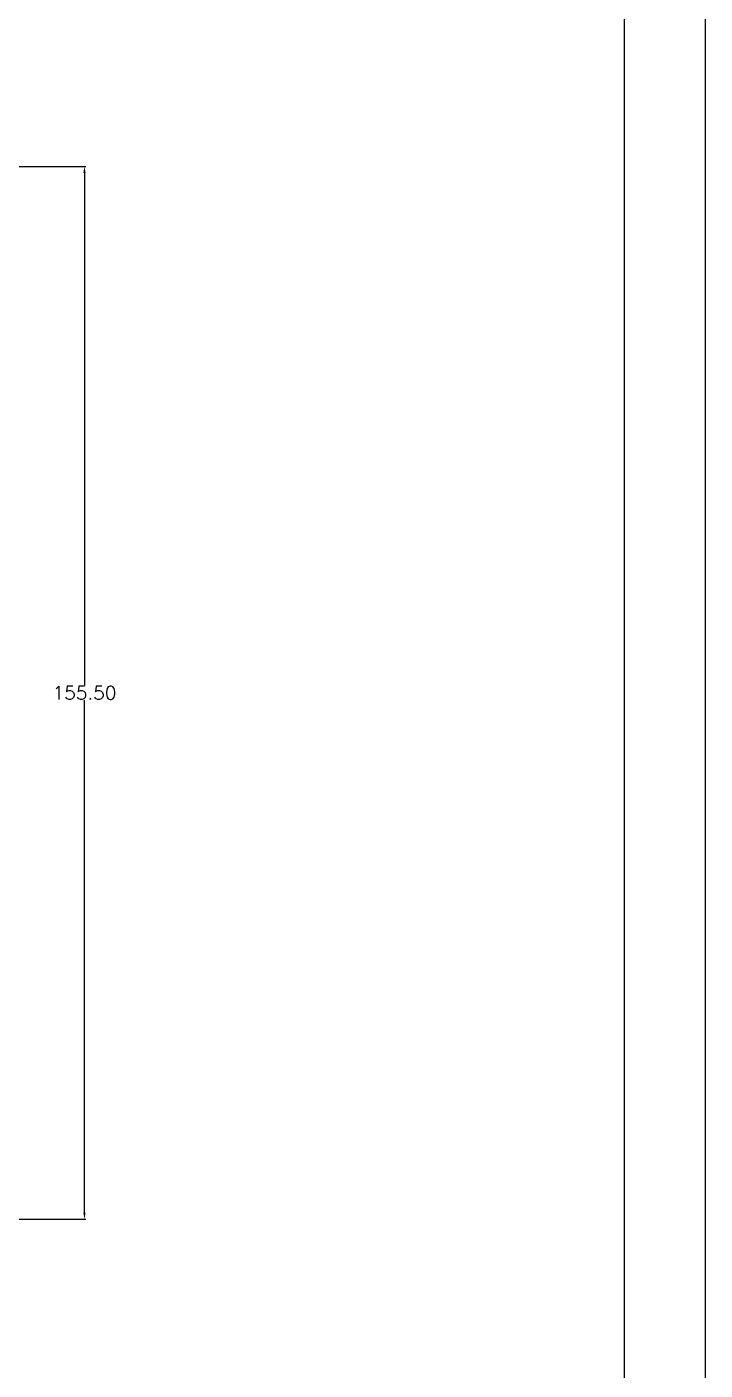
# Model space of a CAD drawing. Header units: inches. Extents: x 1209 to 3085, y 1126 to 1627.
# Drawn here: x 2584.9 to 2685.1, y 1328.3 to 1526.6 of the extents above; entities that cross this region are included whole.
import ezdxf

# ---------------------------------------------------------------- set-up
doc = ezdxf.new("R2010")
doc.units = ezdxf.units.IN
doc.header["$LTSCALE"] = 15
doc.styles.get("Standard").update_dxf_attribs({"font": 'txt', "bigfont": 'gbcbig.shx'})
doc.dimstyles.new('2.5', dxfattribs={"dimtxt": 2, "dimasz": 1, "dimexe": 0.18, "dimexo": 0.0625, "dimgap": 0.09, "dimtad": 0, "dimtih": 1, "dimtoh": 1, "dimzin": 0, "dimdsep": 46, "dimtxsty": 'Standard', "dimcen": 1, "dimadec": 0, "dimazin": 2, "dimtfac": 1, "dimtofl": 0, "dimtmove": 0, "dimatfit": 3, "dimfxl": 1, "dimtolj": 1, "dimtzin": 0, "dimarcsym": 0})

# ---------------------------------------------------------------- blocks, each defined once
blk = doc.blocks.new('*D129')
at = {"color": 0, "lineweight": -2, "transparency": 16777216}
for p, q in [((2494.81, 1506.03), (2593.62, 1506.03)), ((2593.44, 1505.03), (2593.44, 1429.37)), ((2593.44, 1351.53), (2593.44, 1427.19)), ((2502.43, 1350.53), (2593.62, 1350.53))]:
    blk.add_line(p, q, dxfattribs=at)
at = {"color": 0, "transparency": 16777216}
for points in [[(2593.27, 1505.03), (2593.61, 1505.03), (2593.44, 1506.03)], [(2593.27, 1351.53), (2593.61, 1351.53), (2593.44, 1350.53)]]:
    blk.add_solid(points, dxfattribs=at)
at = {"layer": 'Defpoints', "color": 0, "transparency": 16777216}
for p in [(2494.75, 1506.03), (2502.37, 1350.53), (2593.44, 1350.53)]:
    blk.add_point(p, dxfattribs=at)
at = {"color": 0, "transparency": 16777216, "insert": (2593.44, 1428.28), "char_height": 2, "attachment_point": 5}
blk.add_mtext('\\A1;155.50', dxfattribs=at)

msp = doc.modelspace()

# ---------------------------------------------------------------- linework, layer by layer
for p, q in [((2685.077, 1627.302), (2685.077, 1125.657)), ((2673.133, 1615.358), (2673.133, 1137.601))]:
    msp.add_line(p, q)

# ---------------------------------------------------------------- dimensions: what is measured, and where the dimension line sits
dim = msp.add_linear_dim(base=(2593.439, 1350.526), p1=(2494.746, 1506.026), p2=(2502.371, 1350.526), angle=90, dimstyle='2.5')
dim.commit()
dim.dimension.update_dxf_attribs({"geometry": '*D129', "text_midpoint": (2593.439, 1428.276)})

doc.saveas('drawing.dxf')
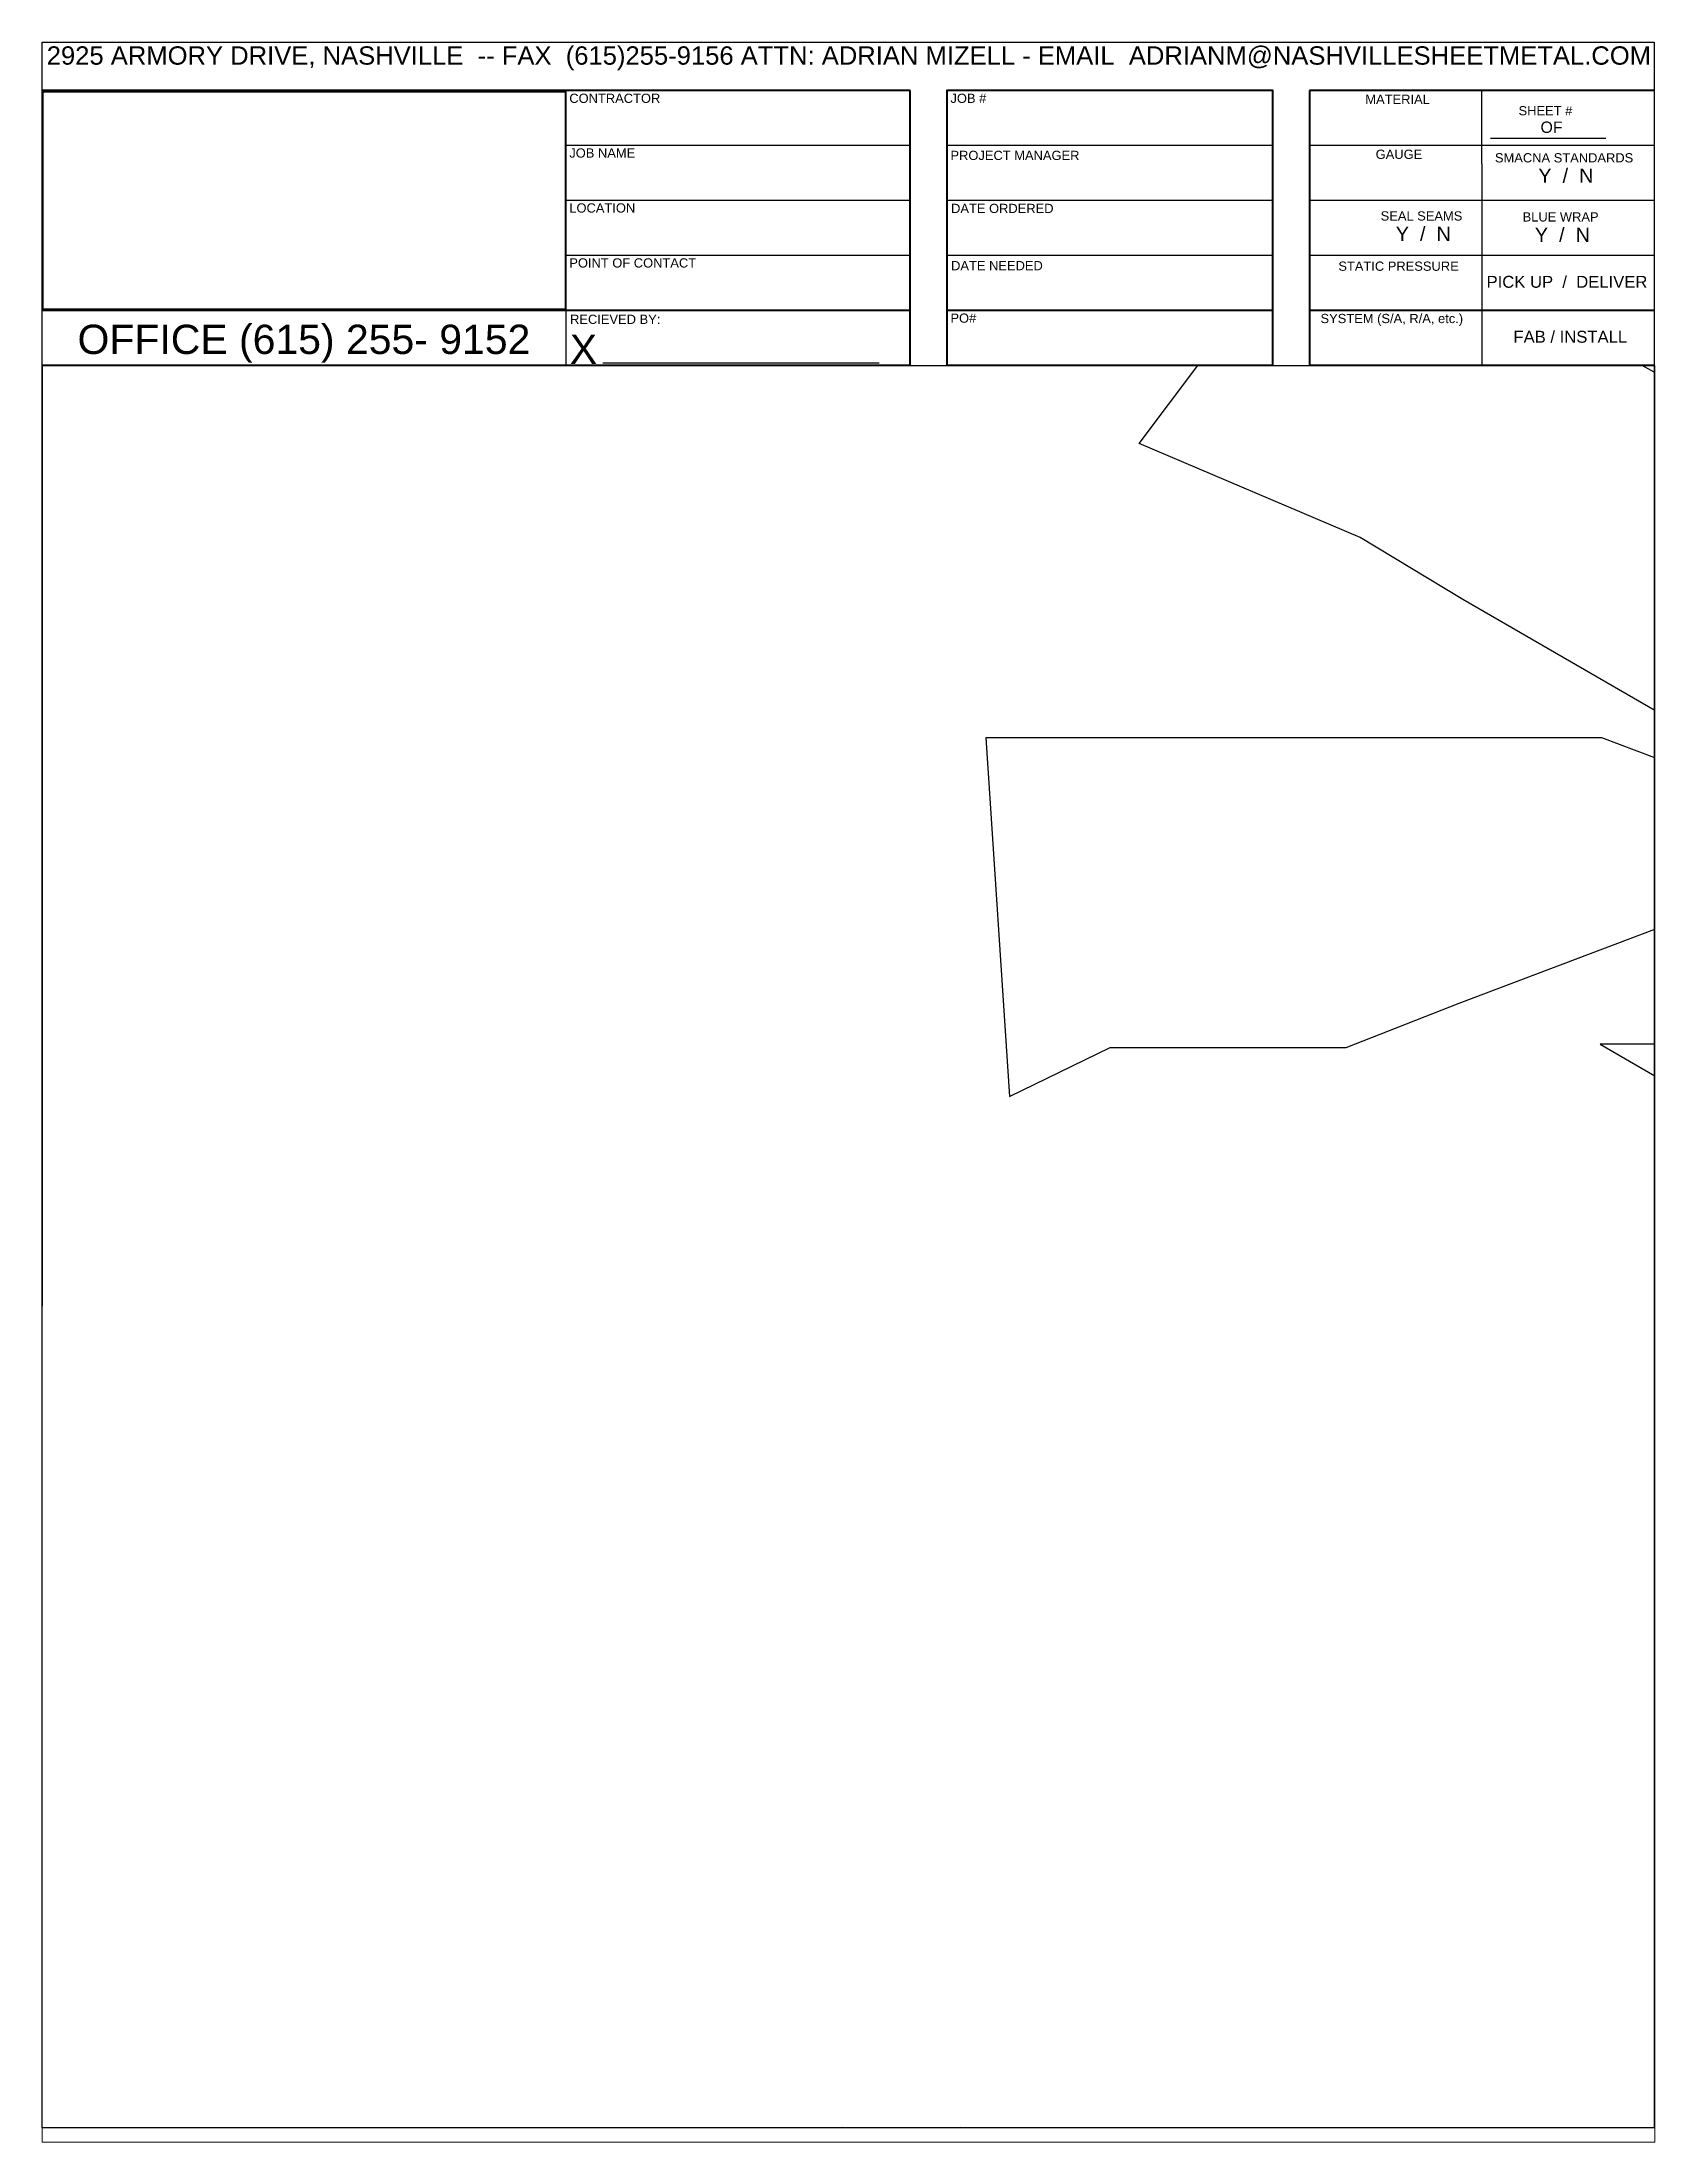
# Paper-space layout 'Layout1' of a CAD drawing. Header units: inches. Extents: x 0 to 8, y 0 to 10.5.
# The model-space entities are those that its viewports show. They can reach past a viewport. Long polylines and large blocks are cut down to what shows.
import ezdxf

# ---------------------------------------------------------------- set-up
doc = ezdxf.new("R2010")
doc.units = ezdxf.units.IN
doc.header["$MEASUREMENT"] = 0
doc.header["$XCLIPFRAME"] = 2
doc.layers.add('trace', color=10, linetype='Continuous')
doc.styles.get("Standard").update_dxf_attribs({"font": 'arial.ttf'})
picture_1 = doc.add_image_def('image1.jpg', size_in_pixel=(240, 100))

# ---------------------------------------------------------------- blocks, each defined once
blk = doc.blocks.new('8x10 title block')
at = {"lineweight": 40}
for p, q in [((4.578344399210621, 10.74341926001934), (0, 10.74341926001934)), ((4.578344399210621, 10.16387380547388), (4.578344399210621, 10.74341926001934)), ((8.5, 10.74341926001934), (6.684058563241677, 10.74341926001934)), ((6.684058563241677, 10.74341926001934), (6.684058563241677, 9.294555623655704)), ((4.578344399210621, 9.294555623655704), (4.578344399210621, 10.16387380547388))]:
    blk.add_line(p, q, dxfattribs=at)
for p, q in [((7.592029281620837, 10.3570556236557), (7.592029281620831, 10.74341926001934)), ((8.5, 10.74341926001934), (8.5, 9.294555623655704)), ((4.578344399210621, 10.45364653274661), (2.762402962452298, 10.45364653274661)), ((6.490876745059863, 10.45364653274661), (4.771526217392441, 10.45364653274661)), ((8.5, 10.45364653274661), (6.684058563241677, 10.45364653274661)), ((7.637075811882482, 10.49247678570442), (8.245950727795218, 10.49247678570442)), ((7.592029281620837, 10.3570556236557), (7.592029281620837, 9.294555623655704)), ((4.578344399210621, 10.16387380547388), (2.762402962452298, 10.16387380547388)), ((6.490876745059863, 10.16387380547388), (4.771526217392441, 10.16387380547388)), ((8.5, 10.16387380547388), (6.684058563241677, 10.16387380547388)), ((4.578344399210621, 9.874101078201157), (2.762402962452298, 9.874101078201157)), ((6.490876745059863, 9.874101078201157), (4.771526217392441, 9.874101078201157)), ((8.5, 9.874101078201157), (6.684058563241677, 9.874101078201157)), ((2.762402962452298, 9.584328350928429), (2.762402962452298, 9.294555623655704)), ((2.95660677604539, 9.30877473760224), (4.413606833087952, 9.30877473760224))]:
    blk.add_line(p, q)
for points in [[(0, 11), (8.5, 11), (8.5, 0), (0, 0)], [(0, 11), (8.5, 11), (8.5, 0), (0, 0)], [(7.1e-15, 9.294555623655704), (8.5, 9.294555623655704), (8.5, 0), (7.1e-15, 0)]]:
    blk.add_lwpolyline(points, close=True)
blk.add_lwpolyline([(2.762402962452298, 10.74341926001934), (2.762402962452298, 9.584328350928429)])
for points in [[(6.490876745059857, 9.294555623655704), (6.490876745059857, 10.74341926001934), (4.771526217392447, 10.74341926001934), (4.771526217392447, 9.294555623655704)], [(4.578344399210621, 9.584328350928429), (0, 9.584328350928429)], [(6.490876745059857, 9.584328350928429), (4.771526217392447, 9.584328350928429)], [(8.5, 9.584328350928429), (6.684058563241677, 9.584328350928429)], [(4.578344399210621, 9.294555623655704), (0, 9.294555623655704)], [(6.490876745059857, 9.294555623655704), (4.771526217392447, 9.294555623655704)], [(8.5, 9.294555623655704), (6.684058563241677, 9.294555623655704)]]:
    blk.add_lwpolyline(points, dxfattribs=at)
at = {"color": 1}
blk.add_lwpolyline([(7.1e-15, 9.294555623655704), (7.1e-15, 4.332951747807351)], dxfattribs=at)
at = {"color": 4}
for points in [[(8.5, 9.258471231831347), (8.4375, 9.2945556236557)], [(4.22364257394669, -1.8e-15), (4.21875, 0.00282472888515)], [(4.84375, 0.00282472888515), (4.838857426053309, -1.8e-15)]]:
    blk.add_lwpolyline(points, dxfattribs=at)
at = {"attachment_point": 1}
for s, width, insert, char_height in [('\\pxqc;2925 ARMORY DRIVE, NASHVILLE  -- FAX  (615)255-9156 ATTN: ADRIAN MIZELL - EMAIL  ADRIANM@NASHVILLESHEETMETAL.COM', 8.509207634093343, (0, 10.97706125011389), 0.0965909090909091), ('CONTRACTOR', 1.315961921693372, (2.780449634595484, 10.72739733539403), 0.0486818181818182), ('JOB #', 1.315961921693372, (4.790203998979811, 10.72734610017006), 0.0486818181818182), ('MATERIAL', 1.315961921693372, (6.977932307610687, 10.72204876665252), 0.0486818181818182), ('SHEET #\\P\\pxqc;{\\H1.2308x;OF \\L         }', 0.3479313041330538, (7.785732290137218, 10.66187094808057), 0.0486818181818182), ('JOB NAME', 1.315961921693372, (2.780449634595484, 10.43896331725666), 0.0486818181818182), ('PROJECT MANAGER', 1.315961921693372, (4.790299143650869, 10.42638387017811), 0.0486818181818182), ('GAUGE', 1.315961921693372, (7.032426202147775, 10.4322760393798), 0.0486818181818182), ('\\pxqc;SMACNA STANDARDS\\P {\\H1.5385x;Y  /  N}', 1.056779186009492, (7.497504911561349, 10.41365600073436), 0.0486818181818182), ('LOCATION', 1.315961921693372, (2.780449634595484, 10.14919058998394), 0.0486818181818182), ('DATE ORDERED', 1.315961921693372, (4.79354373611457, 10.14678825196372), 0.0486818181818182), ('\\pxqc;SEAL SEAMS\\P {\\H1.5385x;Y  /  N}', 1.056779186009492, (6.745594693566367, 10.10718424917297), 0.0486818181818182), ('\\pxqc;BLUE WRAP\\P {\\H1.5385x;Y  /  N}', 1.056779186009492, (7.479114057747138, 10.10209079116703), 0.0486818181818182), ('POINT OF CONTACT', 1.315961921693372, (2.780449634595477, 9.859417862711206), 0.0486818181818182), ('DATE NEEDED', 1.315961921693372, (4.79354373611457, 9.84495217920766), 0.0486818181818182), ('STATIC PRESSURE', 1.315961921693372, (6.835513438235067, 9.842232744487593), 0.0486818181818182), ('PICK UP  /  DELIVER', 1.129733249533146, (7.61718368527341, 9.766829177270075), 0.0627840909090909), ('RECIEVED BY:', 1.315961921693372, (2.78442048117442, 9.562039242199173), 0.0486818181818182), ('PO#', 1.315961921693372, (4.790203998979811, 9.568255191079148), 0.0486818181818182), ('SYSTEM (S/A, R/A, etc.)', 1.315961921693372, (6.741475914469888, 9.566327306116511), 0.0486818181818182), ('\\pxqc;OFFICE (615) 255- 9152', 2.762402962452296, (0, 9.509272885223467), 0.1545454545454545), ('X', 1.315961921693372, (2.783151103458549, 9.457296407481476), 0.1545454545454545), ('\\pxqc;FAB / INSTALL ', 0.8828163147265897, (7.61718368527341, 9.477056449997347), 0.0627840909090909)]:
    blk.add_mtext_dynamic_manual_height_columns(s, width=width, gutter_width=1, heights=[0], dxfattribs=dict(at, insert=insert, char_height=char_height))
image = blk.add_image(picture_1, insert=(0.005591206782448, 9.590732866479103), size_in_units=(2.75284090909092, 1.14701704545455))
image.set_boundary_path([(-0.5, -0.5), (239.5, 99.50000000000001)])
image.dxf.clipping = 0

msp = doc.modelspace()

# ---------------------------------------------------------------- linework, layer by layer
for p, q in [((6.313862324788942, 10.94633113975731), (8.41607566712183, 13.74928226286783)), ((7.902632467400181, 10.2688267236375), (6.313862324788942, 10.94633113975731)), ((8.642890990662053, 9.82240072880733), (7.902632467400181, 10.2688267236375)), ((10.04766448935089, 9.010423585340446), (8.642890990662053, 9.82240072880733)), ((11.45243798803976, 9.82240072880733), (10.04766448935089, 9.010423585340446))]:
    msp.add_line(p, q)
for points in [[(14.99790307039885, 8.827886730273585), (11.60434484025978, 8.827886730273587), (10.56574149770822, 8.827886730273587), (10.10434484025978, 8.653323681142512), (9.642948182811343, 8.827886730273587), (8.604344840259785, 8.827886730273587), (5.21078661012063, 8.827886730273585), (5.380209335819777, 6.246217881377111), (6.105611174308318, 6.599673167900496), (7.803835546362887, 6.599673167900492), (8.61584967764134, 6.918191423517874), (10.10434484025974, 7.481342998218119), (11.59284000287805, 6.918191423517883), (12.40485413415657, 6.599673167900494), (14.10307850621117, 6.599673167900496), (14.82848034469971, 6.246217881377111)], [(9.630012003626206, 6.624165179369137), (10.18183540912956, 6.305204156174305), (10.73365881463294, 6.624165179369137)]]:
    msp.add_lwpolyline(points, close=True)

psp = doc.layouts.get("Layout1")

# ---------------------------------------------------------------- block references
at = {"xscale": 0.9449999955, "yscale": 0.9449999955, "zscale": 0.9449999955}
psp.add_blockref('8x10 title block', (3.37358587146e-05, 0.0698854392208048), dxfattribs=at)

# ---------------------------------------------------------------- viewports
at = {"layer": 'trace'}
psp.add_viewport(center=(4.018748832397011, 4.426613002531208), size=(8.037430193076581, 8.853254918437466), view_center_point=(4.222291409414347, 5.115954071844956), view_height=12.78253437223902, dxfattribs=at)

doc.saveas('drawing.dxf')

------

A single number, please: how many lines in the data above contain the string "True"?

_RESPONSE TO THIS EXERCISE_
2